EXERCISE AIM
Restate the entries word for word and skip every image.

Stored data
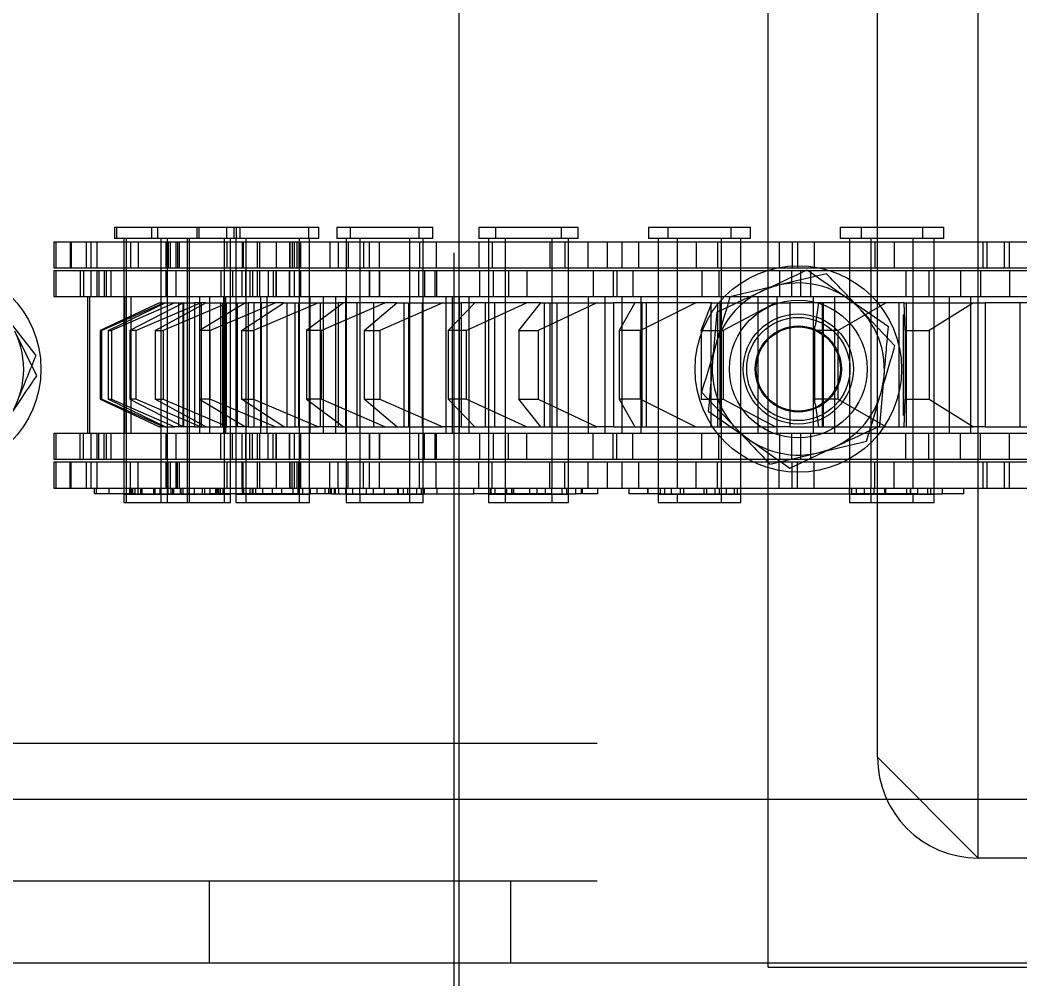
# Model space of a CAD drawing. Header units: metres. Extents: x 0 to 21025, y 0 to 14850.
# Drawn here: x 2676.8 to 2734.9, y 9045.7 to 9101.4 of the extents above; entities that cross this region are included whole.
import ezdxf

# ---------------------------------------------------------------- set-up
doc = ezdxf.new("R2010")
doc.units = ezdxf.units.M
doc.header["$LTSCALE"] = 25
doc.linetypes.add('HIDDEN2', pattern=[4.7625, 3.175, -1.5875])
for name, color, linetype in [('SL1', 8, 'Continuous'), ('SL4', 4, 'Continuous'), ('ST1', 7, 'HIDDEN2')]:
    doc.layers.add(name, color=color, linetype=linetype)

msp = doc.modelspace()

# ---------------------------------------------------------------- linework, layer by layer
at = {"layer": 'SL1'}
msp.add_line((2702.284, 9379.634), (2702.284, 9003.134), dxfattribs=at)
at = {"layer": 'SL4'}
for p, q in [((2723.646, 9086.677), (2720.838, 9086.007)), ((2727.615, 9082.484), (2725.63, 9084.58)), ((2677.759, 9080.754), (2676.488, 9083.346)), ((2716.383, 9079.804), (2718.367, 9077.707)), ((2720.351, 9075.61), (2723.159, 9076.28)), ((2598.759, 9056.144), (2753.999, 9056.144)), ((3543.761, 9046.619), (2593.759, 9046.619))]:
    msp.add_line(p, q, dxfattribs=at)
for centre, start, end in [((2721.999, 9081.144), 103.42102, 163.42102), ((2721.999, 9081.144), 43.42102, 103.42102), ((2721.999, 9081.144), 343.42102, 43.42102), ((2671.999, 9081.144), 326.13507, 26.13507), ((2721.999, 9081.144), 163.42102, 223.42102), ((2721.999, 9081.144), 283.42102, 343.42102), ((2721.999, 9081.144), 223.42102, 283.42102)]:
    msp.add_arc(centre, 5, start, end, dxfattribs=at)
for points, knots in [([(2725.63, 9084.58), (2725.583, 9084.63), (2724.913, 9085.338), (2724.257, 9086.032), (2723.646, 9086.677)], [0, 0, 0, 0, 0.070201, 1, 1, 1, 1]), ([(2720.838, 9086.007), (2720.772, 9085.991), (2719.824, 9085.765), (2718.894, 9085.543), (2718.03, 9085.337)], [0, 0, 0, 0, 0.070201, 1, 1, 1, 1]), ([(2718.03, 9085.337), (2717.974, 9085.147), (2717.706, 9084.246), (2717.427, 9083.309), (2717.207, 9082.57)], [0, 0, 0, 0, 0.2110008, 1, 1, 1, 1]), ([(2717.207, 9082.57), (2717.142, 9082.353), (2716.863, 9081.417), (2716.592, 9080.504), (2716.383, 9079.804)], [0, 0, 0, 0, 0.231849, 1, 1, 1, 1]), ([(2726.791, 9079.717), (2727.011, 9080.456), (2727.29, 9081.393), (2727.558, 9082.294), (2727.615, 9082.484)], [0, 0, 0, 0, 0.788999, 1, 1, 1, 1]), ([(2676.151, 9078.357), (2676.58, 9078.998), (2677.125, 9079.809), (2677.649, 9080.59), (2677.759, 9080.754)], [0, 0, 0, 0, 0.788999, 1, 1, 1, 1]), ([(2725.967, 9076.95), (2726.176, 9077.651), (2726.448, 9078.564), (2726.726, 9079.5), (2726.791, 9079.717)], [0, 0, 0, 0, 0.768151, 1, 1, 1, 1]), ([(2718.367, 9077.707), (2718.414, 9077.657), (2719.084, 9076.949), (2719.741, 9076.255), (2720.351, 9075.61)], [0, 0, 0, 0, 0.070201, 1, 1, 1, 1]), ([(2723.159, 9076.28), (2723.226, 9076.296), (2724.174, 9076.522), (2725.103, 9076.744), (2725.967, 9076.95)], [0, 0, 0, 0, 0.070201, 1, 1, 1, 1])]:
    msp.add_open_spline(points, degree=3, knots=knots, dxfattribs=at)
at = {"layer": 'ST1'}
for p, q in [((2720.249, 9046.384), (2720.249, 9336.384)), ((2732.449, 9052.734), (2732.449, 9330.034)), ((2726.599, 9058.584), (2726.599, 9324.184)), ((2701.999, 9008.519), (2701.999, 9153.134)), ((2682.271, 9089.384), (2684.421, 9089.384)), ((2682.271, 9089.384), (2682.271, 9088.725)), ((2682.391, 9089.384), (2682.391, 9088.725)), ((2684.421, 9089.384), (2687.641, 9089.384)), ((2684.421, 9089.384), (2684.421, 9088.725)), ((2684.776, 9089.384), (2684.776, 9088.725)), ((2687.068, 9088.725), (2687.068, 9089.384)), ((2687.188, 9088.725), (2687.188, 9089.384)), ((2687.641, 9089.384), (2688.772, 9089.384)), ((2688.772, 9089.384), (2691.992, 9089.384)), ((2688.772, 9089.384), (2688.772, 9088.725)), ((2689.218, 9088.725), (2689.218, 9089.384)), ((2689.35, 9089.384), (2689.35, 9088.725)), ((2689.573, 9088.725), (2689.573, 9089.384)), ((2691.992, 9089.384), (2693.569, 9089.384)), ((2693.569, 9089.384), (2694.147, 9089.384)), ((2693.569, 9088.725), (2693.569, 9089.384)), ((2694.147, 9088.725), (2694.147, 9089.384)), ((2695.182, 9089.384), (2699.142, 9089.384)), ((2695.182, 9089.384), (2695.182, 9088.725)), ((2695.966, 9089.384), (2695.966, 9088.725)), ((2699.142, 9089.384), (2699.979, 9089.384)), ((2699.979, 9089.384), (2700.763, 9089.384)), ((2699.979, 9088.725), (2699.979, 9089.384)), ((2700.763, 9088.725), (2700.763, 9089.384)), ((2703.448, 9089.384), (2707.407, 9089.384)), ((2703.448, 9089.384), (2703.448, 9088.725)), ((2704.412, 9089.384), (2704.412, 9088.725)), ((2707.407, 9089.384), (2708.245, 9089.384)), ((2708.245, 9089.384), (2709.209, 9089.384)), ((2708.245, 9088.725), (2708.245, 9089.384)), ((2709.209, 9088.725), (2709.209, 9089.384)), ((2713.302, 9089.384), (2717.802, 9089.384)), ((2713.302, 9089.384), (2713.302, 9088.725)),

OUTPUT
# Model space of a CAD drawing. Header units: metres. Extents: x 0 to 21025, y 0 to 14850.
# Drawn here: x 2676.8 to 2734.9, y 9045.7 to 9101.4 of the extents above; entities that cross this region are included whole.
import ezdxf

# ---------------------------------------------------------------- set-up
doc = ezdxf.new("R2010")
doc.units = ezdxf.units.M
doc.header["$LTSCALE"] = 25
doc.linetypes.add('HIDDEN2', pattern=[4.7625, 3.175, -1.5875])
for name, color, linetype in [('SL1', 8, 'Continuous'), ('SL4', 4, 'Continuous'), ('ST1', 7, 'HIDDEN2')]:
    doc.layers.add(name, color=color, linetype=linetype)

msp = doc.modelspace()

# ---------------------------------------------------------------- linework, layer by layer
at = {"layer": 'SL1'}
msp.add_line((2702.284, 9379.634), (2702.284, 9003.134), dxfattribs=at)
at = {"layer": 'SL4'}
for p, q in [((2723.646, 9086.677), (2720.838, 9086.007)), ((2727.615, 9082.484), (2725.63, 9084.58)), ((2677.759, 9080.754), (2676.488, 9083.346)), ((2716.383, 9079.804), (2718.367, 9077.707)), ((2720.351, 9075.61), (2723.159, 9076.28)), ((2598.759, 9056.144), (2753.999, 9056.144)), ((3543.761, 9046.619), (2593.759, 9046.619))]:
    msp.add_line(p, q, dxfattribs=at)
for centre, start, end in [((2721.999, 9081.144), 103.42102, 163.42102), ((2721.999, 9081.144), 43.42102, 103.42102), ((2721.999, 9081.144), 343.42102, 43.42102), ((2671.999, 9081.144), 326.13507, 26.13507), ((2721.999, 9081.144), 163.42102, 223.42102), ((2721.999, 9081.144), 283.42102, 343.42102), ((2721.999, 9081.144), 223.42102, 283.42102)]:
    msp.add_arc(centre, 5, start, end, dxfattribs=at)
for points, knots in [([(2725.63, 9084.58), (2725.583, 9084.63), (2724.913, 9085.338), (2724.257, 9086.032), (2723.646, 9086.677)], [0, 0, 0, 0, 0.070201, 1, 1, 1, 1]), ([(2720.838, 9086.007), (2720.772, 9085.991), (2719.824, 9085.765), (2718.894, 9085.543), (2718.03, 9085.337)], [0, 0, 0, 0, 0.070201, 1, 1, 1, 1]), ([(2718.03, 9085.337), (2717.974, 9085.147), (2717.706, 9084.246), (2717.427, 9083.309), (2717.207, 9082.57)], [0, 0, 0, 0, 0.2110008, 1, 1, 1, 1]), ([(2717.207, 9082.57), (2717.142, 9082.353), (2716.863, 9081.417), (2716.592, 9080.504), (2716.383, 9079.804)], [0, 0, 0, 0, 0.231849, 1, 1, 1, 1]), ([(2726.791, 9079.717), (2727.011, 9080.456), (2727.29, 9081.393), (2727.558, 9082.294), (2727.615, 9082.484)], [0, 0, 0, 0, 0.788999, 1, 1, 1, 1]), ([(2676.151, 9078.357), (2676.58, 9078.998), (2677.125, 9079.809), (2677.649, 9080.59), (2677.759, 9080.754)], [0, 0, 0, 0, 0.788999, 1, 1, 1, 1]), ([(2725.967, 9076.95), (2726.176, 9077.651), (2726.448, 9078.564), (2726.726, 9079.5), (2726.791, 9079.717)], [0, 0, 0, 0, 0.768151, 1, 1, 1, 1]), ([(2718.367, 9077.707), (2718.414, 9077.657), (2719.084, 9076.949), (2719.741, 9076.255), (2720.351, 9075.61)], [0, 0, 0, 0, 0.070201, 1, 1, 1, 1]), ([(2723.159, 9076.28), (2723.226, 9076.296), (2724.174, 9076.522), (2725.103, 9076.744), (2725.967, 9076.95)], [0, 0, 0, 0, 0.070201, 1, 1, 1, 1])]:
    msp.add_open_spline(points, degree=3, knots=knots, dxfattribs=at)
at = {"layer": 'ST1'}
for p, q in [((2720.249, 9046.384), (2720.249, 9336.384)), ((2732.449, 9052.734), (2732.449, 9330.034)), ((2726.599, 9058.584), (2726.599, 9324.184)), ((2701.999, 9008.519), (2701.999, 9153.134)), ((2682.271, 9089.384), (2684.421, 9089.384)), ((2682.271, 9089.384), (2682.271, 9088.725)), ((2682.391, 9089.384), (2682.391, 9088.725)), ((2684.421, 9089.384), (2687.641, 9089.384)), ((2684.421, 9089.384), (2684.421, 9088.725)), ((2684.776, 9089.384), (2684.776, 9088.725)), ((2687.068, 9088.725), (2687.068, 9089.384)), ((2687.188, 9088.725), (2687.188, 9089.384)), ((2687.641, 9089.384), (2688.772, 9089.384)), ((2688.772, 9089.384), (2691.992, 9089.384)), ((2688.772, 9089.384), (2688.772, 9088.725)), ((2689.218, 9088.725), (2689.218, 9089.384)), ((2689.35, 9089.384), (2689.35, 9088.725)), ((2689.573, 9088.725), (2689.573, 9089.384)), ((2691.992, 9089.384), (2693.569, 9089.384)), ((2693.569, 9089.384), (2694.147, 9089.384)), ((2693.569, 9088.725), (2693.569, 9089.384)), ((2694.147, 9088.725), (2694.147, 9089.384)), ((2695.182, 9089.384), (2699.142, 9089.384)), ((2695.182, 9089.384), (2695.182, 9088.725)), ((2695.966, 9089.384), (2695.966, 9088.725)), ((2699.142, 9089.384), (2699.979, 9089.384)), ((2699.979, 9089.384), (2700.763, 9089.384)), ((2699.979, 9088.725), (2699.979, 9089.384)), ((2700.763, 9088.725), (2700.763, 9089.384)), ((2703.448, 9089.384), (2707.407, 9089.384)), ((2703.448, 9089.384), (2703.448, 9088.725)), ((2704.412, 9089.384), (2704.412, 9088.725)), ((2707.407, 9089.384), (2708.245, 9089.384)), ((2708.245, 9089.384), (2709.209, 9089.384)), ((2708.245, 9088.725), (2708.245, 9089.384)), ((2709.209, 9088.725), (2709.209, 9089.384)), ((2713.302, 9089.384), (2717.802, 9089.384)), ((2713.302, 9089.384), (2713.302, 9088.725)),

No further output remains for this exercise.